The winning numbers in a city’s pick-five lottery seem non-random to a well-known investment advisor. Is there a problem with the way winning numbers are selected? You will use Access and Excel to analyse the soundness of the city’s lottery system.
The city you live in has run a pick-five lottery for several years. A player pays £1 for a ticket and picks five numbers between 1 and 56. The lottery system determines winners by generating five numbers between 1 and 56 and displaying them on ping-pong balls, which are rolled out one at a time during a televised drawing for dramatic effect. If all five numbers match a player’s numbers, the player wins a large amount of money. Players who match fewer numbers win less money. Of course, most players match no numbers and gain nothing, except for some entertainment. Lottery proceeds are used by the city council to fund programmes in education, health care and other areas.

Most people think that lotteries are honest in the sense that the winning numbers are randomly chosen. In a random selection, the number 2 is as likely to be chosen as the number 56, for example. People would be disturbed to learn that some numbers are more likely to be chosen than others, and they would probably avoid a lottery that was shown to select winning numbers in a non-random manner. So lottery officials were alarmed when Robin A. Bank, a well-known financial advisor wrote a newspaper article making such a claim. The city lottery has had drawings twice a week for almost seven years. Bank researched each drawing and was troubled by the distribution of numbers in the 706 winning combinations. The distribution is shown graphically in Figure 1.
Figure 1: Bar graph showing distribution of numbers in winning combinations
For example, the number 48 appeared 82 times in the 706 five-number combinations, but the number 55 appeared only 51 times.

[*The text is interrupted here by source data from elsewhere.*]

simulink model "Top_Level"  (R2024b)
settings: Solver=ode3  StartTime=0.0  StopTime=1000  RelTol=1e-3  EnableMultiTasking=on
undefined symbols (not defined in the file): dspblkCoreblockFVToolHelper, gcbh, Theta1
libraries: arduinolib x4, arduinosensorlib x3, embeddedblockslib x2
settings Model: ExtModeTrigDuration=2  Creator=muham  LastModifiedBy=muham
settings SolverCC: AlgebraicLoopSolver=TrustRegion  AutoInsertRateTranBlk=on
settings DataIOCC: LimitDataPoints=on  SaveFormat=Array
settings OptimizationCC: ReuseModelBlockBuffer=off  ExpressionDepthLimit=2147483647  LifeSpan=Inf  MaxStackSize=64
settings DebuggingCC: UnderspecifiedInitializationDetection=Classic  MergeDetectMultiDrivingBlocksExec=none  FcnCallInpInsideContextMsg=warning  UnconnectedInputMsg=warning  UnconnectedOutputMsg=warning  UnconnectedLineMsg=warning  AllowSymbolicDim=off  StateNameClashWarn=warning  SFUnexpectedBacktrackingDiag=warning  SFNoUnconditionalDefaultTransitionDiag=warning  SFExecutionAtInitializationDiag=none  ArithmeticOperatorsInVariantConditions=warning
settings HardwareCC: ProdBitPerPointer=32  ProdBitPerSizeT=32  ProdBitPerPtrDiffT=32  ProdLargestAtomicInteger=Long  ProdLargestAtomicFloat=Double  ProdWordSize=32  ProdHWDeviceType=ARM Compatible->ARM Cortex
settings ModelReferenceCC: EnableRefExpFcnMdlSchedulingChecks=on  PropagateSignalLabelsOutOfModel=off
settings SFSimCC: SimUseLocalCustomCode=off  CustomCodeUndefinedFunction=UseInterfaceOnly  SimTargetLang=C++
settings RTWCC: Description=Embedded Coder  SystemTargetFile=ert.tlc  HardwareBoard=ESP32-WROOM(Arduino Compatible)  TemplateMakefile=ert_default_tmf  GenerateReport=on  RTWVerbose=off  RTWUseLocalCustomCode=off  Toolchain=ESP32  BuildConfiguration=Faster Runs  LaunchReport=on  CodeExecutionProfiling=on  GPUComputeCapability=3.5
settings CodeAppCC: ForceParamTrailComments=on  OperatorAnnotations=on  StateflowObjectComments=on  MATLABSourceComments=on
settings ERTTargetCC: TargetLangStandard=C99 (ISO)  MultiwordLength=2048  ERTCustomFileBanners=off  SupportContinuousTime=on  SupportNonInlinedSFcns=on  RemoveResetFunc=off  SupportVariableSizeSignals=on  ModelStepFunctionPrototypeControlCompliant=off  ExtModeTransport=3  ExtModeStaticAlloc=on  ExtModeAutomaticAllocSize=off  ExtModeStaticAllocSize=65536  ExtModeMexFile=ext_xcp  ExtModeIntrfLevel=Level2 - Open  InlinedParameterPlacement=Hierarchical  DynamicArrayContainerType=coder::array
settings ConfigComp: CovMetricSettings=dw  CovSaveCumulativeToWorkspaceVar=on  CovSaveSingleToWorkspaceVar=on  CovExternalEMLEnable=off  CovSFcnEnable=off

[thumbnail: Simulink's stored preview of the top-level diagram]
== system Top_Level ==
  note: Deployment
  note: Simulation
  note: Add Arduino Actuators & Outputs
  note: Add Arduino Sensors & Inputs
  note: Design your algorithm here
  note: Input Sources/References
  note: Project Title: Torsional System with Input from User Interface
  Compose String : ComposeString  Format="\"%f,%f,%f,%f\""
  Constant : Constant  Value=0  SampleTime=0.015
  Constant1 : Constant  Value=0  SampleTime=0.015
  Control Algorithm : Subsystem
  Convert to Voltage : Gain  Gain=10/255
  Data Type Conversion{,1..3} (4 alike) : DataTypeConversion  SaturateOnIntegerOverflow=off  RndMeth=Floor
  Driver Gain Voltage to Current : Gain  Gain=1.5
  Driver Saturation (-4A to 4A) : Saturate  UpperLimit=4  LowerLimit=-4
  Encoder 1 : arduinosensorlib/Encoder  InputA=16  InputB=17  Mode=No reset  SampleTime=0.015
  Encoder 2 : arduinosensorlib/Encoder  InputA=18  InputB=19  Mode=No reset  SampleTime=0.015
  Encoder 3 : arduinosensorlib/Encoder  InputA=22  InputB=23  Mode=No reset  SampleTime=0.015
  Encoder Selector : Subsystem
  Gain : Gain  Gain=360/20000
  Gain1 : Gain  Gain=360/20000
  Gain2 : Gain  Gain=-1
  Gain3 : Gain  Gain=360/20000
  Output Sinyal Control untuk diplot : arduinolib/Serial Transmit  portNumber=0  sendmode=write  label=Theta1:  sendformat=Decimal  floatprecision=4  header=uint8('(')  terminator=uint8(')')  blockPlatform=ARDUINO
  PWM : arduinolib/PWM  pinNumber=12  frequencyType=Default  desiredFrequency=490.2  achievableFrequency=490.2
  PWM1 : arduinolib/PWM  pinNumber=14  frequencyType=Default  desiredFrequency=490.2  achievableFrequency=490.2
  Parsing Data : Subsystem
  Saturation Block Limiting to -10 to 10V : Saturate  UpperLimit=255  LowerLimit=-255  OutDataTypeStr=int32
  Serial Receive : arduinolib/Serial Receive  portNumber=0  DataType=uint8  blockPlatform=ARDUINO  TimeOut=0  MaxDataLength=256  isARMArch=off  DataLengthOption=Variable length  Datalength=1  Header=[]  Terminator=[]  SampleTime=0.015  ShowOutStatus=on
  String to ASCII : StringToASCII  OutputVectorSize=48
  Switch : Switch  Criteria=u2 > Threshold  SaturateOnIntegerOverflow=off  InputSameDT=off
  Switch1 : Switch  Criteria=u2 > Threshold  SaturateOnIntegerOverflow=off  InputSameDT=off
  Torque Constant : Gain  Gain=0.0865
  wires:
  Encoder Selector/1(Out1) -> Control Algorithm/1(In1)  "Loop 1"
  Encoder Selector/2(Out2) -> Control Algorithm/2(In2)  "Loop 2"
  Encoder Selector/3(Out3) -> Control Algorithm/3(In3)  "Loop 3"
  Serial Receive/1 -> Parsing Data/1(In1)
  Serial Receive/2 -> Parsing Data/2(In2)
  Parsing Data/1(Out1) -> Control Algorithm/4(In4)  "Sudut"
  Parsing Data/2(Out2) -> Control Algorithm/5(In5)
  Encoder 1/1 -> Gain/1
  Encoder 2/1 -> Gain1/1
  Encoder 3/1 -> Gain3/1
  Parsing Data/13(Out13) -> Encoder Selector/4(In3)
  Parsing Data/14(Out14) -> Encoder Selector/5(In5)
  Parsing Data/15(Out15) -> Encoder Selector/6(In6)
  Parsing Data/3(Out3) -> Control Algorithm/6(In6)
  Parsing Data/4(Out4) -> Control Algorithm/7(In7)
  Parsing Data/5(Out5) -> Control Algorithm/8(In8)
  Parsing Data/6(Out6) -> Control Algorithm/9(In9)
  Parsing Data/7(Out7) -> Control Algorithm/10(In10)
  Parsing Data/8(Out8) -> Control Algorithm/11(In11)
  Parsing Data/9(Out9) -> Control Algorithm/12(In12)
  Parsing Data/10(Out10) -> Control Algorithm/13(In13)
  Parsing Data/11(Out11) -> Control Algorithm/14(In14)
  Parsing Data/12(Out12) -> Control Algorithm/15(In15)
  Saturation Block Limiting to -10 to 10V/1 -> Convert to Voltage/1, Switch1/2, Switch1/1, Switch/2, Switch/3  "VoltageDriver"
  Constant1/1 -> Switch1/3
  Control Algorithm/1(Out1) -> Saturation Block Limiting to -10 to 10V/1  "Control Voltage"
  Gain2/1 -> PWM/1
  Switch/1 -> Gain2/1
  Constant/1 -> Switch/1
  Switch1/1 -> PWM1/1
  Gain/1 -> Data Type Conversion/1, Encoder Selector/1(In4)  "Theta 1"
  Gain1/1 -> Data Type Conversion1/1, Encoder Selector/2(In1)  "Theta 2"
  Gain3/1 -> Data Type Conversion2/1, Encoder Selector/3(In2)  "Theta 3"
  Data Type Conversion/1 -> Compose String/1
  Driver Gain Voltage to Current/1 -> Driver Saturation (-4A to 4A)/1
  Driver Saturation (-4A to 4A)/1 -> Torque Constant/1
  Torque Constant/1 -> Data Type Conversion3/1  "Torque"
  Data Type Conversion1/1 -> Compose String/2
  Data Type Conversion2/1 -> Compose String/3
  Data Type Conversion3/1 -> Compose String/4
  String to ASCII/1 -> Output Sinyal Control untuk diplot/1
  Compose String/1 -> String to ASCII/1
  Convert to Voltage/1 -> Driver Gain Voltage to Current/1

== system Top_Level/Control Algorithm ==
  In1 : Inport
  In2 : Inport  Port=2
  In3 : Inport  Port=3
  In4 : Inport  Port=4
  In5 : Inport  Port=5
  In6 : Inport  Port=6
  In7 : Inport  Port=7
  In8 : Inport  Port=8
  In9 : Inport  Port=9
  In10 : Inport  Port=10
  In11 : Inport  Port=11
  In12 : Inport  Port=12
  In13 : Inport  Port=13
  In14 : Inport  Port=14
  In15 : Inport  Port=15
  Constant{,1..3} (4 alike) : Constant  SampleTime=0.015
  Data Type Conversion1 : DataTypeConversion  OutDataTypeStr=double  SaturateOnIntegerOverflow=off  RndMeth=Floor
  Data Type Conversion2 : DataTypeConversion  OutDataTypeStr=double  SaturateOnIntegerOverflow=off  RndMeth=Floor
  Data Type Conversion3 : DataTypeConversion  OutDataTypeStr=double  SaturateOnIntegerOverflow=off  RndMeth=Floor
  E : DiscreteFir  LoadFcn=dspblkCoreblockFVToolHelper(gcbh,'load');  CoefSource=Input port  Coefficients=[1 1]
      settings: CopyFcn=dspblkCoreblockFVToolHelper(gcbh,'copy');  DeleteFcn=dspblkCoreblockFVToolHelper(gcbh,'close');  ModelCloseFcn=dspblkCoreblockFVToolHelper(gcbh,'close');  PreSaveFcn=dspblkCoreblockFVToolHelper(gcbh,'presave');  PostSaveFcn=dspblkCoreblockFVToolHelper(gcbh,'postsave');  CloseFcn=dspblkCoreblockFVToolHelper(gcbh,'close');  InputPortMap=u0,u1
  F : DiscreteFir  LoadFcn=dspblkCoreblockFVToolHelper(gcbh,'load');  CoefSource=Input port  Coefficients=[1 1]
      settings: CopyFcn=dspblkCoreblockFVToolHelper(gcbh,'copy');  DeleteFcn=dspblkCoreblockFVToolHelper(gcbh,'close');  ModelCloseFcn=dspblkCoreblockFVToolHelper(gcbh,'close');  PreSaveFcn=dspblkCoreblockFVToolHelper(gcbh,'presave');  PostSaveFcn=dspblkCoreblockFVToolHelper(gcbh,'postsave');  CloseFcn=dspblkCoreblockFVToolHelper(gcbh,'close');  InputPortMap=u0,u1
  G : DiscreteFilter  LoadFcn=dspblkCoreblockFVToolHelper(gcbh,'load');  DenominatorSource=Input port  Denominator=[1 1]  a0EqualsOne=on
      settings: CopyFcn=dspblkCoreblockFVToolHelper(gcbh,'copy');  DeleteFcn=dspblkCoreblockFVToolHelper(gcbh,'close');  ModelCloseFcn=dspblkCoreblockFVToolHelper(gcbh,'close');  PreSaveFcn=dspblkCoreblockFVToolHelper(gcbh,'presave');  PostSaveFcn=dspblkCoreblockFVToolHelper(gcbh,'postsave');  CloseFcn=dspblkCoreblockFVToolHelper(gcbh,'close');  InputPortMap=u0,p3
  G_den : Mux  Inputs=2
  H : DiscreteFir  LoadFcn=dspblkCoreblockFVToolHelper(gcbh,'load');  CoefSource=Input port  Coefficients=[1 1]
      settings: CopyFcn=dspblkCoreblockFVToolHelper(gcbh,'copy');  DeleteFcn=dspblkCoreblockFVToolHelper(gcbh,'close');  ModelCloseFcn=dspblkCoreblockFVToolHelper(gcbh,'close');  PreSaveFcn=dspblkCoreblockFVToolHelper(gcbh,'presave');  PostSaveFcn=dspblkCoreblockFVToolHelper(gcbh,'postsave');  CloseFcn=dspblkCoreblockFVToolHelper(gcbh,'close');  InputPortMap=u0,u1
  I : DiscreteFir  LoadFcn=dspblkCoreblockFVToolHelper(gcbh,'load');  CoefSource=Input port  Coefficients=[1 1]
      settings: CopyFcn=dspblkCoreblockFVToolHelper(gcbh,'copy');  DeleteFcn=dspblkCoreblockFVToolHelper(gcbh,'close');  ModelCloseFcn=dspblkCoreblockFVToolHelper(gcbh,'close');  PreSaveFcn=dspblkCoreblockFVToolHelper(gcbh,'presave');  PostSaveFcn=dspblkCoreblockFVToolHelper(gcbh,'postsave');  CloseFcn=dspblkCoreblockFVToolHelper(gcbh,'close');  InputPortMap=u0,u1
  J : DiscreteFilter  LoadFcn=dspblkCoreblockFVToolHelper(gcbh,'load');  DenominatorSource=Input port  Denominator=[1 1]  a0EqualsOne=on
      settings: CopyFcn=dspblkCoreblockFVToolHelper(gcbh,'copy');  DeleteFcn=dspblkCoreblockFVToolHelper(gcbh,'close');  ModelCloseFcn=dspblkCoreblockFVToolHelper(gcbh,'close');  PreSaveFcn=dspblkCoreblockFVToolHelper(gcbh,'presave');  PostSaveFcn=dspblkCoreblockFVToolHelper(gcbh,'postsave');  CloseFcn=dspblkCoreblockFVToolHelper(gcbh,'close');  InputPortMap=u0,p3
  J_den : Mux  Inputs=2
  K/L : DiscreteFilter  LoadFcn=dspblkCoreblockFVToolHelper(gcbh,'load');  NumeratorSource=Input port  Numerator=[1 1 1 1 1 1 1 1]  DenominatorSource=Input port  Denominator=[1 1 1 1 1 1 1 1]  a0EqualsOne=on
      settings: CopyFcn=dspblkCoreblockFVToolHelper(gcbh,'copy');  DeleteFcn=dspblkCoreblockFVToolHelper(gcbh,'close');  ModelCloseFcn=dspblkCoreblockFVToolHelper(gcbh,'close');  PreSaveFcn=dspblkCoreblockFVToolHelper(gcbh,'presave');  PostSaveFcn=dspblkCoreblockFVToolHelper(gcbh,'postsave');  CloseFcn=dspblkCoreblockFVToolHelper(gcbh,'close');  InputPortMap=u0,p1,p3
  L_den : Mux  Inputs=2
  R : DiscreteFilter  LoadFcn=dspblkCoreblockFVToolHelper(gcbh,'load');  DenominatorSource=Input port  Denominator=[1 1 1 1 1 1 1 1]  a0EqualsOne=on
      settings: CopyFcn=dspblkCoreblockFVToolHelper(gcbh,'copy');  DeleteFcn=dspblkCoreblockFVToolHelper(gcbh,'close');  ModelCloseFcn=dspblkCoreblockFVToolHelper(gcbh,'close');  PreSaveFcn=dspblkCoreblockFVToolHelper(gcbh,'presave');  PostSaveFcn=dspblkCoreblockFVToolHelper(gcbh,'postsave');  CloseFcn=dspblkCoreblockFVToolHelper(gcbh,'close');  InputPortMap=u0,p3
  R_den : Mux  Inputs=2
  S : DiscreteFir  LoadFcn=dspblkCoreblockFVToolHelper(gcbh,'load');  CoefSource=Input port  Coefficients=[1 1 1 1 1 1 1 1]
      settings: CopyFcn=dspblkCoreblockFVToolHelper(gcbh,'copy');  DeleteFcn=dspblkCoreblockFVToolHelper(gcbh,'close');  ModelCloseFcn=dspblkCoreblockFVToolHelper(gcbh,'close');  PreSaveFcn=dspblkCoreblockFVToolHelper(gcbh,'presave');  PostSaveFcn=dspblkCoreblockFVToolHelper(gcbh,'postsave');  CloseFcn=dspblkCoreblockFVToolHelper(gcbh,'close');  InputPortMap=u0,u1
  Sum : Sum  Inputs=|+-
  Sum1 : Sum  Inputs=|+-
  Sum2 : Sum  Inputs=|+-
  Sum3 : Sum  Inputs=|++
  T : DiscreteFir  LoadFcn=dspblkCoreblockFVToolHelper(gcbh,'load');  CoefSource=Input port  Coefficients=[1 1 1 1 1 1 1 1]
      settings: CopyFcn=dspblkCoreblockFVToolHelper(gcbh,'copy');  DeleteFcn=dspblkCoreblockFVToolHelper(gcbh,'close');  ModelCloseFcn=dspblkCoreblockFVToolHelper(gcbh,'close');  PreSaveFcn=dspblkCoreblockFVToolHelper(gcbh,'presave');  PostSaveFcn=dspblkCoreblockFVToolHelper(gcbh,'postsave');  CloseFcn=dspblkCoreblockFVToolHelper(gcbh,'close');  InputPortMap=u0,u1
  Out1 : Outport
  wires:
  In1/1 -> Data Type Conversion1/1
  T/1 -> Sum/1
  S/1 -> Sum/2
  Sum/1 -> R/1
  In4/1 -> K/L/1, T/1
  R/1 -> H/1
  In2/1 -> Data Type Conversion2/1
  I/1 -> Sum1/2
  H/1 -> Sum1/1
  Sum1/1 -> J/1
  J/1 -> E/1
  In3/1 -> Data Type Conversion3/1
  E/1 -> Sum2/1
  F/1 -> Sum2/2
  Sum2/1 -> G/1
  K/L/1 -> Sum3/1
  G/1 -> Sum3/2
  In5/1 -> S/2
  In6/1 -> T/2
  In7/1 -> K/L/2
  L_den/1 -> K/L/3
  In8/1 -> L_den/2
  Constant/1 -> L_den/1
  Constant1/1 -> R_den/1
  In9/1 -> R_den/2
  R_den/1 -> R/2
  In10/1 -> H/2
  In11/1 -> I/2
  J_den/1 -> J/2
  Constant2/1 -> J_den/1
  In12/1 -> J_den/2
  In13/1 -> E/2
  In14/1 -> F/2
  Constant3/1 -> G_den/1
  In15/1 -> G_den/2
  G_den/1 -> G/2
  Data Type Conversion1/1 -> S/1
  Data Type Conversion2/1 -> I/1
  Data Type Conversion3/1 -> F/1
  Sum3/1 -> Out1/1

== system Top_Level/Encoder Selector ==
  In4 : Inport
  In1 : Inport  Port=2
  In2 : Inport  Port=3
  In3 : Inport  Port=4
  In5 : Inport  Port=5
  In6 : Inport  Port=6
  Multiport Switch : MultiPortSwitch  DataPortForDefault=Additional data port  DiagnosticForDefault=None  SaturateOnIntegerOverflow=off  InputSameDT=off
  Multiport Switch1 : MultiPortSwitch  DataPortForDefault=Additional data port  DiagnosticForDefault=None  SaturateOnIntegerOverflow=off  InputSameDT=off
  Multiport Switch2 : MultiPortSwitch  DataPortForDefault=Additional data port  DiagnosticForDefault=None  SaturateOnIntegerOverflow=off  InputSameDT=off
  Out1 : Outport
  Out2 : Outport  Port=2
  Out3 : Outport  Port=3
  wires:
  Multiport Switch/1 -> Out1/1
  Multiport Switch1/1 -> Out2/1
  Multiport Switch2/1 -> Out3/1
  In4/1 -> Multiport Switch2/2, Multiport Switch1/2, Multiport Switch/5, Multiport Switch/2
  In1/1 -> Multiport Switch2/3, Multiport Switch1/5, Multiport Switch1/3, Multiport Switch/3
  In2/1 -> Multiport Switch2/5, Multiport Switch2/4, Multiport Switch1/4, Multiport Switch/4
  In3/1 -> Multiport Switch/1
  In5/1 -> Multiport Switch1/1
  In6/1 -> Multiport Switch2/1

The distribution is shown in tabular form in Figure 2.

Num Freq Num Freq Num Freq Num Freq
1 55 15 58 29 68 43 63
2 69 16 66 30 60 44 60
3 60 17 69 31 71 45 67
4 68 18 64 32 55 46 69
5 68 19 61 33 59 47 50
6 52 20 69 34 52 48 82
7 61 21 62 35 63 49 49
8 54 22 63 36 74 50 66
9 68 23 54 37 51 51 72
10 67 24 68 38 65 52 71
11 58 25 68 39 69 53 74
12 72 26 58 40 62 54 59
13 65 27 71 41 48 55 51
14 69 28 63 42 59 56 61
Figure 2: Table showing distribution of numbers in winning combinations

Figure 3 shows the five numbers that appeared most frequently in the 706 winning combinations.

Number Frequency
Most frequent 48 82
2nd most frequent 36 74
3rd most frequent 53 74
4th most frequent 12 72
5th most frequent 51 72
Figure 3: Table showing five numbers most likely to appear in winning combinations

How can it be, Bank asks, that these five of the 56 numbers appear much more frequently than other numbers? Such an anomaly might be expected if the lottery had been running only a few weeks, he wrote in his article. “You’d expect lumpiness in the distribution early on”, Bank said, but the lottery has now drawn a total of 3530 numbers in the winning combinations after seven years. The distribution should be evening out after thousands of numbers, but Bank says it is not. His advice to his listeners and readers is to find another lottery if you must gamble. If you decide to play the city lottery, include some or all of the numbers 48, 36, 53, 12 and 51 in your choices, because these numbers are obviously favoured by the lottery’s number-selection method.
The problem for city lottery officials is that many people seem to believe Bank’s advice. These officials are convinced that the lottery’s methods are sound and they need some way to reassure the public. You have been called in to help.
You enquire about the lottery’s method for selecting numbers, and you learn that the city has a contract with a company which generate random numbers as needed. Five random numbers between 1 and 56 are selected and then transmitted over secure telecommunications channels to the city lottery office. The same company services many other lotteries. The company’s random number algorithm is well known and is used by many major software vendors. The company’s implementation of the algorithm is certified periodically by independent statisticians. Your city’s lottery officials do not understand what could go wrong within that.
In theory, nothing should go wrong, and professional statisticians would be comfortable with the lottery. But most of the city’s citizens are not statisticians, and at first glance, Bank’s criticisms seem credible. Why are some numbers picked more frequently than others? Wouldn’t 3530 picks in more than 700 lottery drawings be enough to even out the distribution? You decide to conduct the following test:
1. Obtain recent winning lottery numbers from other cities.
2. Examine whether the selection of these numbers is distributed like your city’s lottery numbers.
3. If the numbers are similarly distributed, inform the public to reassure them. However, if the numbers are not distributed similarly, further investigation into your city’s number-selection method is required.
Lottery officials have provided winning number combinations from pick-five lotteries in three other cities. In each case, the most recent 706 winning numbers are provided. You have not been told the names of the cities; you know only that the winning numbers come from cities designated A, B and C. An Access database named LotteryAnalysis.accdb contains the data and is available to you in the MN1505 subfolder within the Management folder on the DEPTS on ‘NTSx’ (R:) drive with the filename LotteryAnalysis.accdb.
Figure 4 shows the design of the WinningNumbers table in the database file.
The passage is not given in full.